Put another way, once you come upon what appears to be a legit startup idea, what steps do you take (in order)?<p>For instance, do you first scour the market for similar startups? Do you ask friends what they think, or whether or not your idea is technically feasible?<p>What's your process?
======
JangoSteve
Here is my typical routine:

    
    
      1. DON'T write it down*
      2. Write it down
      3. Look for existing services
      4a. If any exist from step 3, start using them.
          -If satisfied => keep using it and get on with life.
      4b. If no services exist, or I am dissatisfied with existing services, 
          => share idea with friends and colleagues.
      5a. If ( feedback is overwhelmingly positive OR I need it right now ) 
          AND ( I have time ) => start developing.
      5b. Otherwise, add it to the long list of things I'd like to make some day.
    

* I don't write it down for the first few days, because it's a simple way for me to filter out all the fleeting uninspiring ideas that probably wouldn't have taken off.
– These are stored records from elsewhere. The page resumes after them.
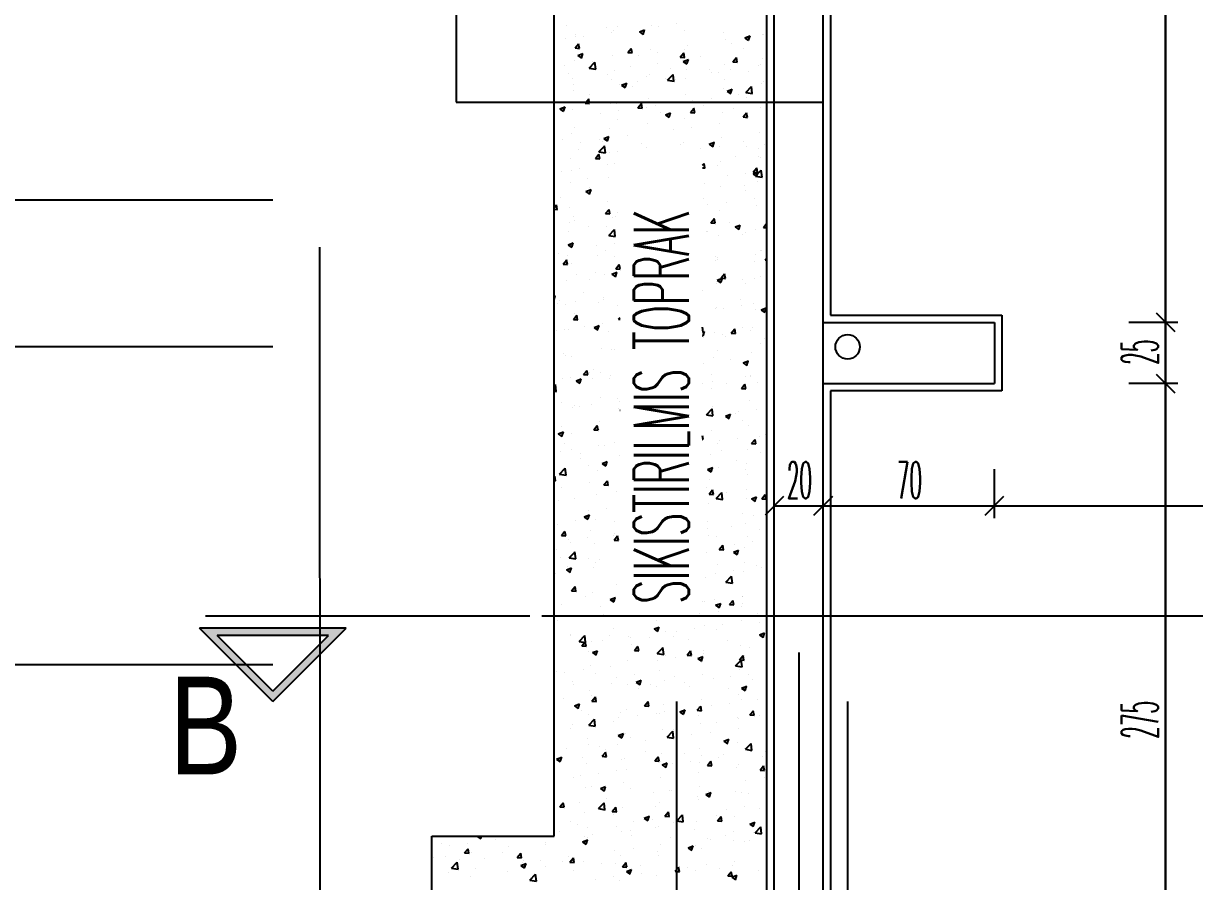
# Model space of a CAD drawing. Extents: x 78 to 306, y -397 to 18.
# Drawn here: x 271.0877 to 271.1835, y -396.5953 to -396.5251 of the extents above; entities that cross this region are included whole.
import ezdxf

# ---------------------------------------------------------------- set-up
doc = ezdxf.new("R2010")
doc.units = 0
doc.header["$LTSCALE"] = 0.5
doc.header["$MEASUREMENT"] = 0
for name, pattern in [('DASHDOT2', [0.5, 0.25, -0.125, 0, -0.125]), ('DASHED', [0.75, 0.5, -0.25]), ('DOT2', [0.125, 0, -0.125])]:
    doc.linetypes.add(name, pattern=pattern)
doc.layers.get('0').update_dxf_attribs({"linetype": 'CONTINUOUS'})
for name, color, linetype in [('AKS', 5, 'DASHDOT2'), ('ASHADE', 7, 'CONTINUOUS'), ('DUVAR', 6, 'CONTINUOUS'), ('INS.YAKL.', 30, 'CONTINUOUS'), ('IZDUSUM', 2, 'DOT2'), ('KAPI', 1, 'CONTINUOUS'), ('KOLON', 4, 'CONTINUOUS'), ('MERDIVEN', 3, 'CONTINUOUS'), ('OLCU', 31, 'CONTINUOUS'), ('SIVA', 7, 'CONTINUOUS'), ('TARAMA', 8, 'CONTINUOUS')]:
    doc.layers.add(name, color=color, linetype=linetype)
doc.styles.add('MİMARİ YAZI', font='arial.ttf')
doc.styles.add('OLCU', font='romans.shx', dxfattribs={"width": 0.6, "height": 0.125})
doc.styles.add('OLCUIC', font='ROMANS.SHX', dxfattribs={"width": 0.4, "height": 0.15})

msp = doc.modelspace()

# ---------------------------------------------------------------- hatches: boundary and pattern name
at = {"layer": 'KAPI'}
h = msp.add_hatch(color=256, dxfattribs=at)
h.paths.add_polyline_path([(271.114144, -396.57456), (271.102144, -396.57456), (271.108144, -396.58056)])
h.paths.add_polyline_path([(271.112695, -396.57516), (271.108144, -396.579711), (271.103592, -396.57516)], flags=16)

# ---------------------------------------------------------------- linework, layer by layer
at = {"color": 0, "linetype": 'ByBlock'}
for p, q in [((271.180394, -396.54881), (271.181894, -396.55031)), ((271.181894, -396.55031), (271.180394, -396.54881)), ((271.180394, -396.55381), (271.181894, -396.55531)), ((271.181894, -396.55531), (271.180394, -396.55381)), ((271.149894, -396.56381), (271.148394, -396.56531)), ((271.153894, -396.56381), (271.152394, -396.56531)), ((271.152394, -396.56531), (271.153894, -396.56381)), ((271.167894, -396.56381), (271.166394, -396.56531)), ((271.166394, -396.56531), (271.167894, -396.56381))]:
    msp.add_line(p, q, dxfattribs=at)
at = {"layer": 'AKS'}
for p, q in [((271.151144, -396.35156), (271.151144, -396.83956)), ((271.141144, -396.35556), (271.141144, -396.83556)), ((271.155144, -396.35556), (271.155144, -396.83556)), ((271.333144, -396.53956), (271.037144, -396.53956)), ((271.333144, -396.55156), (271.041144, -396.55156)), ((271.333144, -396.57756), (271.037144, -396.57756))]:
    msp.add_line(p, q, dxfattribs=at)
at = {"layer": 'ASHADE'}
msp.add_circle((271.155144, -396.55156), 0.001, dxfattribs=at)
at = {"layer": 'DUVAR'}
for p, q in [((271.149144, -396.60956), (271.149144, -396.47156)), ((271.153144, -396.54956), (271.153144, -396.47156)), ((271.153144, -396.60956), (271.153144, -396.55456))]:
    msp.add_line(p, q, dxfattribs=at)
at = {"layer": 'INS.YAKL.', "linetype": 'DASHED', "ltscale": 0.5}
msp.add_line((271.112061, -396.893402), (271.11197, -396.458667), dxfattribs=at)
at = {"layer": 'IZDUSUM', "ltscale": 0.6}
for p, q in [((271.123144, -396.45756), (271.123144, -396.53156)), ((271.123144, -396.53156), (271.153144, -396.53156))]:
    msp.add_line(p, q, dxfattribs=at)
at = {"layer": 'KAPI', "linetype": 'DASHED', "ltscale": 0.4}
msp.add_line((271.130144, -396.57356), (271.549144, -396.57356), dxfattribs=at)
at = {"layer": 'KAPI'}
for p, q in [((271.114144, -396.57456), (271.102144, -396.57456)), ((271.108144, -396.58056), (271.102144, -396.57456)), ((271.108144, -396.58056), (271.114144, -396.57456)), ((271.112695, -396.57516), (271.103592, -396.57516)), ((271.108144, -396.579711), (271.103592, -396.57516)), ((271.108144, -396.579711), (271.112695, -396.57516))]:
    msp.add_line(p, q, dxfattribs=at)
at = {"layer": 'KOLON'}
for p, q in [((271.153144, -396.55456), (271.153144, -396.54956)), ((271.153144, -396.54956), (271.167144, -396.54956)), ((271.167144, -396.54956), (271.167144, -396.55456)), ((271.153144, -396.55456), (271.167144, -396.55456))]:
    msp.add_line(p, q, dxfattribs=at)
at = {"layer": 'KOLON', "linetype": 'DASHED', "ltscale": 0.4}
msp.add_line((271.10262, -396.57356), (271.129144, -396.57356), dxfattribs=at)
at = {"layer": 'MERDIVEN'}
for p, q in [((271.131144, -396.59156), (271.131144, -396.43956)), ((271.121144, -396.59156), (271.131144, -396.59156)), ((271.121144, -396.63856), (271.121144, -396.59156))]:
    msp.add_line(p, q, dxfattribs=at)
at = {"layer": 'OLCU', "ltscale": 1.4}
for p, q in [((271.181144, -396.45656), (271.181144, -396.73456)), ((271.181144, -396.54956), (271.181144, -396.47156)), ((271.182144, -396.54956), (271.178144, -396.54956)), ((271.181144, -396.55456), (271.181144, -396.54956)), ((271.182144, -396.55456), (271.178144, -396.55456)), ((271.181144, -396.60956), (271.181144, -396.55456)), ((271.167144, -396.56556), (271.167144, -396.56156)), ((271.149144, -396.56456), (271.153144, -396.56456)), ((271.153144, -396.56456), (271.167144, -396.56456)), ((271.167144, -396.56456), (271.281144, -396.56456))]:
    msp.add_line(p, q, dxfattribs=at)
at = {"layer": 'SIVA', "ltscale": 1.4}
for p, q in [((271.148544, -396.60896), (271.148544, -396.47156)), ((271.153744, -396.47216), (271.153744, -396.54896)), ((271.153744, -396.54896), (271.167744, -396.54896)), ((271.167744, -396.54896), (271.167744, -396.55516)), ((271.167744, -396.55516), (271.153744, -396.55516)), ((271.153744, -396.55516), (271.153744, -396.60896))]:
    msp.add_line(p, q, dxfattribs=at)
at = {"layer": 'TARAMA'}
for p, q in [((271.132187, -396.525308), (271.132187, -396.525308)), ((271.132858, -396.526001), (271.132858, -396.526001)), ((271.13539, -396.525444), (271.13539, -396.525444)), ((271.135855, -396.525849), (271.135855, -396.525849)), ((271.135996, -396.5257), (271.135996, -396.5257)), ((271.136358, -396.525401), (271.136358, -396.525401)), ((271.138124, -396.525809), (271.138544, -396.525648)), ((271.138124, -396.525809), (271.138422, -396.52601)), ((271.138416, -396.526012), (271.138538, -396.525649)), ((271.138593, -396.525579), (271.138593, -396.525579)), ((271.139077, -396.525278), (271.139077, -396.525278)), ((271.139644, -396.52535), (271.139644, -396.52535)), ((271.141146, -396.525153), (271.141146, -396.525153)), ((271.141796, -396.525714), (271.141796, -396.525714)), ((271.144999, -396.52585), (271.144999, -396.52585)), ((271.148202, -396.525985), (271.148202, -396.525985)), ((271.148231, -396.526019), (271.148231, -396.526019)), ((271.13208, -396.526346), (271.13208, -396.526346)), ((271.132854, -396.527123), (271.133144, -396.526779)), ((271.13288, -396.52615), (271.13288, -396.52615)), ((271.133207, -396.527156), (271.133138, -396.52678)), ((271.133582, -396.526148), (271.133582, -396.526148)), ((271.142034, -396.526891), (271.142034, -396.526891)), ((271.145151, -396.526441), (271.145151, -396.526441)), ((271.145629, -396.526721), (271.145629, -396.526721)), ((271.146746, -396.52629), (271.147166, -396.526128)), ((271.146746, -396.52629), (271.147045, -396.526491)), ((271.147039, -396.526492), (271.147161, -396.52613)), ((271.147131, -396.526523), (271.147131, -396.526523)), ((271.132854, -396.527123), (271.133213, -396.527155)), ((271.133082, -396.527744), (271.133502, -396.527583)), ((271.133082, -396.527744), (271.133381, -396.527946)), ((271.133375, -396.527947), (271.133497, -396.527584)), ((271.135923, -396.527698), (271.135923, -396.527698)), ((271.137158, -396.5275), (271.137447, -396.527155)), ((271.137158, -396.5275), (271.137516, -396.527531)), ((271.137511, -396.527533), (271.137441, -396.527156)), ((271.138066, -396.527717), (271.138066, -396.527717)), ((271.139004, -396.527275), (271.139004, -396.527275)), ((271.139568, -396.527519), (271.139568, -396.527519)), ((271.141461, -396.527876), (271.141751, -396.527532)), ((271.141461, -396.527876), (271.14182, -396.527908)), ((271.141814, -396.527909), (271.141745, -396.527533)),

If I forget about them, then I must not have been that inspired by it; and if I wasn't inspired by it, then there is no way I could have inspired others with it or created any passion for it.

It's hard for me to otherwise filter out these uninspiring ideas, because when
I first have them, I'm inherently biased. I tend to be in love with the idea
that I thought of something novel, and it's difficult to distinguish between
that excitement and excitement for the idea itself.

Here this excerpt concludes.